Although he is not the first governor to have done this, the reasons remain the same in all cases of local council creations– to whittle down the powers of the existing rulers, and to show them that political power is superior to traditional power.

However, this has succeeded in most cases across Nigeria. The military in their high-handedness did not do half of what civilian government has done since the return of Nigeria to civil rule in 1999.

Often, governors who are below performance are threatened when traditional rulers criticise them. They look for ways to show that they are above correction– this appears to be the reason for the development in the ancient city of Kano. The governor knew, such a project could not have been popular in his first term, as the implications could be grave on his political career.

But someone noted that such a decision by a governor to curtail “an overbearing” monarch, “is not new in Nigeria, even during the colonial era.”

But history students say that the above assertion is not altogether correct.

In the colonial era, what happened in the Benin Kingdom is far from what is happening now. Then, it was an external colony using a superior force of power (the force of the guns) to suppress the peaceful coexistence, but with less military power, of some rural institutions. Today, a subject rises up to destabilise an already existing institution that precedes his forefathers because of quest to grab political power.  

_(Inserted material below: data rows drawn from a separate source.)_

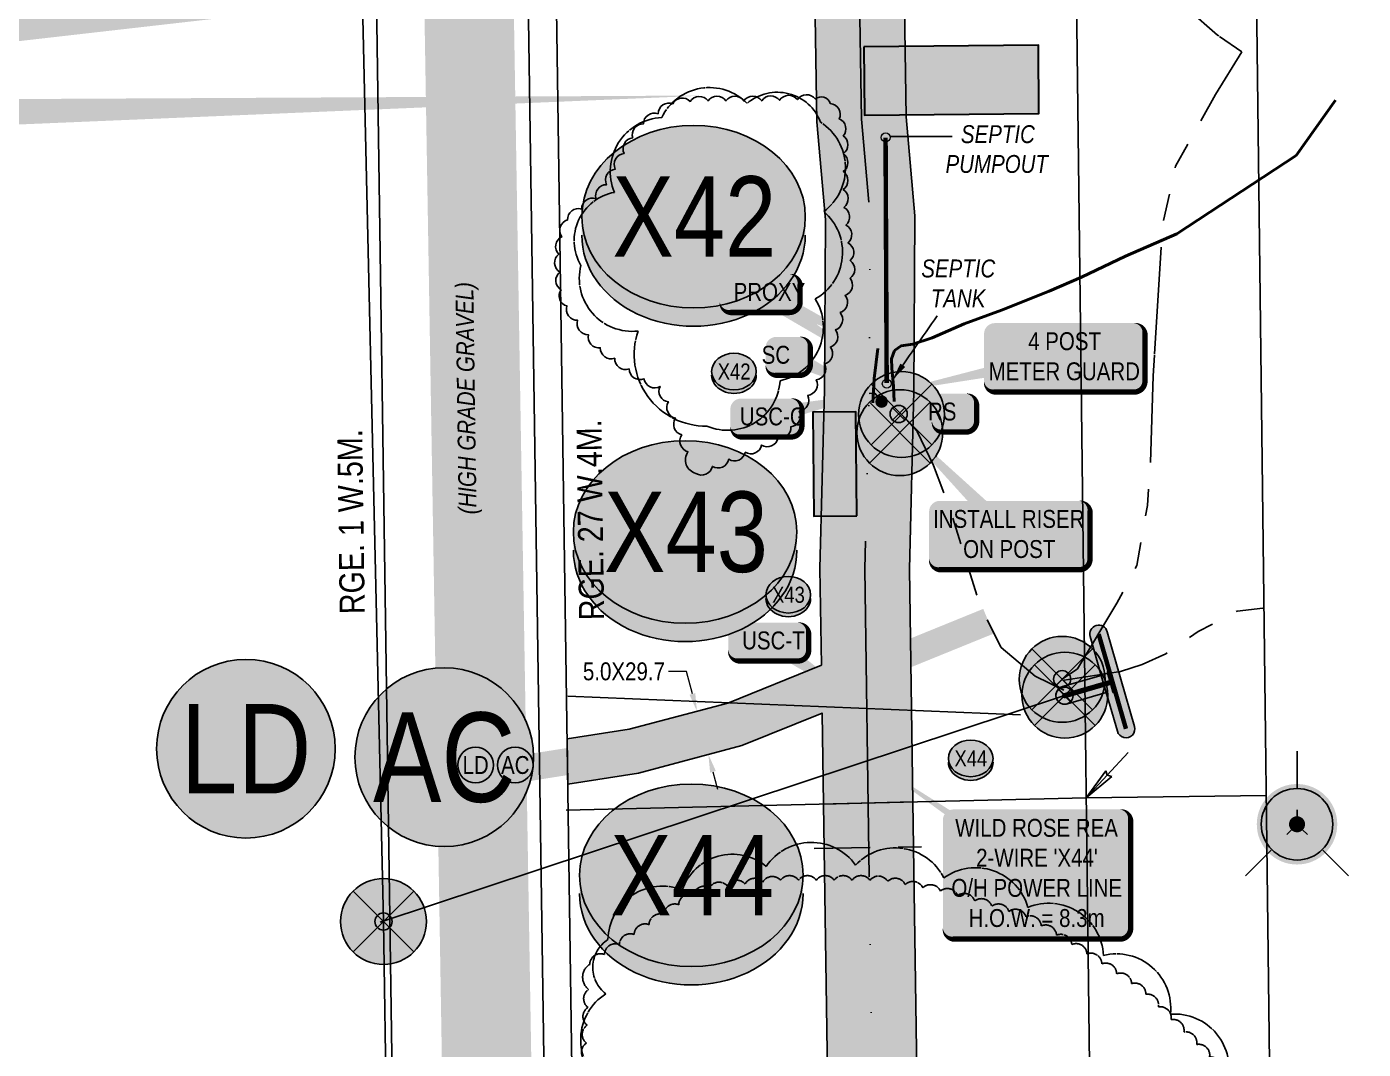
# Model space of a CAD drawing. Extents: x 57693 to 70573, y 5994359 to 6008381.
# Drawn here: x 65068.7 to 65218, y 6001215.7 to 6001329.9 of the extents above; entities that cross this region are included whole.
import ezdxf
from ezdxf.enums import TextEntityAlignment as Align

# ---------------------------------------------------------------- set-up
doc = ezdxf.new("R2010")
doc.units = 0
doc.header["$LTSCALE"] = 5
doc.header["$PDSIZE"] = -3
for name, pattern in [('0', [1, 1, 0]), ('COOP2', [10, 5, -1, 0, -1, 0, -1, 0, -1, 0, -1]), ('DASHDOT', [25.4, 12.7, -6.35, 0, -6.35]), ('foc-TIELINE', [1.875, 1.25, -0.625]), ('POWERLINE5', [7.8, 2.4, -0.6, 0.6, -0.6, 0.6, -0.6, 2.4])]:
    doc.linetypes.add(name, pattern=pattern)
doc.layers.get('Defpoints').update_dxf_attribs({"color": 9})
for name, color, linetype in [('7', 7, 'Continuous'), ('AS-OWNER', 7, 'Continuous'), ('AS-POWER', 104, 'foc-POWER'), ('AS-POWER-EXISTING', 72, 'POWERLINE5'), ('AS-POWER-EXISTING-PP', 72, 'Continuous'), ('AS-POWER-EXISTING-PP-1000', 72, 'Continuous'), ('AS-POWER-T-1000', 104, 'Continuous'), ('AS-ROADS', 254, 'Continuous'), ('AS-SYMBOL', 7, 'Continuous'), ('AS-SYMBOL-1000', 7, 'Continuous'), ('AS-TELEPHONE', 224, 'foc-TEL'), ('CG-NOTES', 7, 'Continuous'), ('CG-NOTES-1000', 7, 'Continuous'), ('D-TXT-1000', 6, 'Continuous'), ('L-SEC', 7, 'Continuous'), ('L-TITLEDB', 4, 'Continuous'), ('P-APEX RECON PAY ITEMS-1000', 240, 'Continuous'), ('P-APEX RECON-10m BUFFER', 51, 'COOP2'), ('P-APEX RECON-URBAN', 30, 'COOP2'), ('P-APEX RECON-WORK AREA', 104, 'Continuous'), ('P-BUFFER-PURPLE', 187, 'foc-TIELINE'), ('P-CROSSINGS', 250, 'Continuous'), ('P-CROSSINGS-1000', 250, 'Continuous'), ('T-BUSH', 110, '0'), ('T-BUSH-1000', 110, '0'), ('T-BUSH-T-1000', 110, 'Continuous')]:
    doc.layers.add(name, color=color, linetype=linetype)
for name, color, linetype, lineweight in [('AS-GENERAL', 48, 'Continuous', 18), ('AS-RECON EXISTING', 151, 'DASHDOT', 40), ('P-APEX RECON-TWS-T-1000', 104, 'Continuous', 9), ('T-TEXT-1000', 48, 'Continuous', 18)]:
    doc.layers.add(name, color=color, linetype=linetype, lineweight=lineweight)
doc.layers.add('AS-STRUCTURE', color=7, linetype='Continuous', lineweight=30, true_color=0x595959)
doc.layers.add('AS-STRUCTURE-H', color=7, linetype='Continuous', true_color=0xa8a8a8)
doc.layers.add('P-APEX RECON-TO BE DRILLED-H', color=7, linetype='Continuous', true_color=0xffafe1)
doc.styles.add('1.8', font='ARIALN.TTF', dxfattribs={"height": 2})
doc.styles.add('175L', font='ARIALN.TTF', dxfattribs={"height": 10})
doc.styles.add('80', font='ARIALN.TTF', dxfattribs={"height": 10})
doc.styles.add('80L', font='ARIALN.TTF', dxfattribs={"height": 10})
doc.styles.add('80LS', font='ARIALNI.TTF', dxfattribs={"height": 10})
doc.styles.add('Crossing', font='ARIALN.TTF', dxfattribs={"height": 10})
doc.styles.add('foc-LtypeFont', font='ARIALN.TTF', dxfattribs={"height": 7.35})
doc.linetypes.add('foc-POWER', pattern='A,6,-1,["P",foc-LtypeFont,S=0.2,R=0,X=-0.625,Y=-0.75],-1.24,4', length=12.24)
doc.linetypes.add('foc-TEL', pattern='A,2,-1,["T",foc-LtypeFont,S=0.2,R=0,X=-0.425,Y=-0.75],-1.24,8', length=12.24)
doc.dimstyles.new('Compass 1 000', dxfattribs={"dimtxt": 1.8, "dimasz": 2, "dimexe": 0.2, "dimexo": 0.0625, "dimgap": 0.5, "dimtad": 0, "dimtih": 1, "dimtoh": 1, "dimzin": 0, "dimdsep": 46, "dimtxsty": '1.8', "dimcen": 0.1, "dimse1": 1, "dimse2": 1, "dimclrd": 256, "dimclrt": 256, "dimaunit": 1, "dimadec": 4, "dimazin": 0, "dimtfac": 0.06, "dimtofl": 0, "dimtmove": 0, "dimatfit": 0, "dimfxl": 0.2, "dimtolj": 1, "dimtzin": 0, "dimlwd": -1, "dimarcsym": 0})

# ---------------------------------------------------------------- blocks, each defined once
blk = doc.blocks.new('POWERPOLE')
h = blk.add_hatch(color=255)
edge = h.paths.add_edge_path()
edge.add_arc((0, 0), 0.96, 0, 360)
at = {"linetype": 'Continuous'}
for p, q in [((0.679, -0.679), (-0.679, 0.679)), ((-0.679, -0.679), (0.679, 0.679))]:
    blk.add_line(p, q, dxfattribs=at)
blk.add_circle((0, 0), 0.96, dxfattribs=at)
blk = doc.blocks.new('*U422')
h = blk.add_hatch(color=255)
h.dxf.hatch_style = 1
edge = h.paths.add_edge_path()
edge.add_arc((0.305, -1.057), 0.2, -163.9291, 16.0709, ccw=False)
edge.add_line((0.112, -1.112), (-0.248, 0.137))
edge.add_line((-0.248, 0.137), (-0.497, 1.002))
edge.add_arc((-0.305, 1.057), 0.2, 16.0709, 196.0709, ccw=False)
edge.add_line((-0.112, 1.112), (0.497, -1.002))
h = blk.add_hatch(color=255)
h.dxf.hatch_style = 1
edge = h.paths.add_edge_path()
edge.add_arc((-1.061, -0.306), 0.2, 106.0709, 286.0709, ccw=False)
edge.add_line((-1.116, -0.113), (-0.248, 0.137))
edge.add_line((-0.248, 0.137), (-0.137, -0.248))
edge.add_line((-0.137, -0.248), (-1.005, -0.498))
at = {"color": 255}
blk.add_lwpolyline([(0.497, -1.002, -1), (0.112, -1.112), (-0.248, 0.137), (-0.497, 1.002, -1), (-0.112, 1.112)], format="xyb", close=True, dxfattribs=at)
at = {"color": 72, "const_width": 0.1, "flags": 128}
for points in [[(0.305, -1.057), (-0.305, 1.057)], [(-1.061, -0.306), (0, 0)]]:
    blk.add_lwpolyline(points, dxfattribs=at)
at = {"color": 255, "flags": 128}
blk.add_lwpolyline([(-1.005, -0.498, -1), (-1.116, -0.113), (-0.248, 0.137), (-0.137, -0.248)], format="xyb", close=True, dxfattribs=at)
blk = doc.blocks.new('*U451')
at = {"color": 1, "flags": 128}
blk.add_lwpolyline([(202.89, 4.79, 0, 7.5, 0), (0, 0, 0, 0, 0)], format="xyseb", dxfattribs=at)
at = {"color": 1, "style": '80'}
blk.add_attdef('ENTER_TEXT_001', (-35.99, -5), '', height=10, dxfattribs=at)
blk = doc.blocks.new('*U1187')
h = blk.add_hatch(color=255)
h.dxf.hatch_style = 1
edge = h.paths.add_edge_path()
edge.add_arc((0, 0), 9.99, 0, 360)
at = {"color": 170}
blk.add_circle((0, 0), 9.99, dxfattribs=at)
at = {"color": 170, "style": '175L'}
blk.add_text('AC', height=10, dxfattribs=at).set_placement((0, 0), align=Align.MIDDLE_CENTER)
blk = doc.blocks.new('WAT')
h = blk.add_hatch(color=255)
h.dxf.hatch_style = 1
edge = h.paths.add_edge_path()
edge.add_arc((0, 0), 0.9, 0, 360)
at = {"color": 170}
for p, q in [((0, 0.816), (0, 1.633)), ((-0.577, -0.577), (-1.155, -1.155)), ((0.577, -0.577), (1.155, -1.155))]:
    blk.add_line(p, q, dxfattribs=at)
blk.add_circle((0, 0), 0.8, dxfattribs=at)
blk = doc.blocks.new('*U1854')
at = {"true_color": 0xffffa8}
h = blk.add_hatch(color=51, dxfattribs=at)
edge = h.paths.add_edge_path()
edge.add_line((-16.5, -11.5), (16.5, -11.5))
edge.add_arc((16.5, -5.5), 6, 270, 360)
edge.add_line((22.5, -5.5), (22.5, 4))
edge.add_arc((16.5, 4), 6, 0, 90)
edge.add_line((16.5, 10), (-16.5, 10))
edge.add_arc((-16.5, 4), 6, 90, 180)
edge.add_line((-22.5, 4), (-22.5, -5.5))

Going down memory lane, Oba Ovonramwen Nogbaisi (who ruled 1888-1897) was the ba (king) of the Kingdom of Benin up till the British punitive expedition of 1897.

The attempt by the colonial power to install another, apart from the first son of the Oba, as king met with resistance because the Benin Kingdom thrives in the principle of primogeniture (a situation where only the first son succeeds his father as the ruler). This is why the Benin Kingdom is still intact; the succession to the throne has not been distorted, even after the deportation of Oba Ovonramwen.

Oba Ovonramwen died January 1914 in Calabar, becoming the West African ruler who was the last independent Oba (king) of the 500-year-old Benin Kingdom. Oba Ovonramwen tried to maintain his independence in the face of increasing British pressure but was able to delay for only a few years the annexation of his kingdom by the colonial nation.

What Oba Ovonramwen tried to do then in the face of opposition and the colonial power forcefully deported him is exactly what the political governors are doing today to their various traditional institutions when they are corrected.

So, the situation is not exactly the same. In the colonial era, it was a case of invaders seeking better sources of raw materials, colonies and trade. But now, it is a case of witch-hunt and “dog-eat-dog” exercise.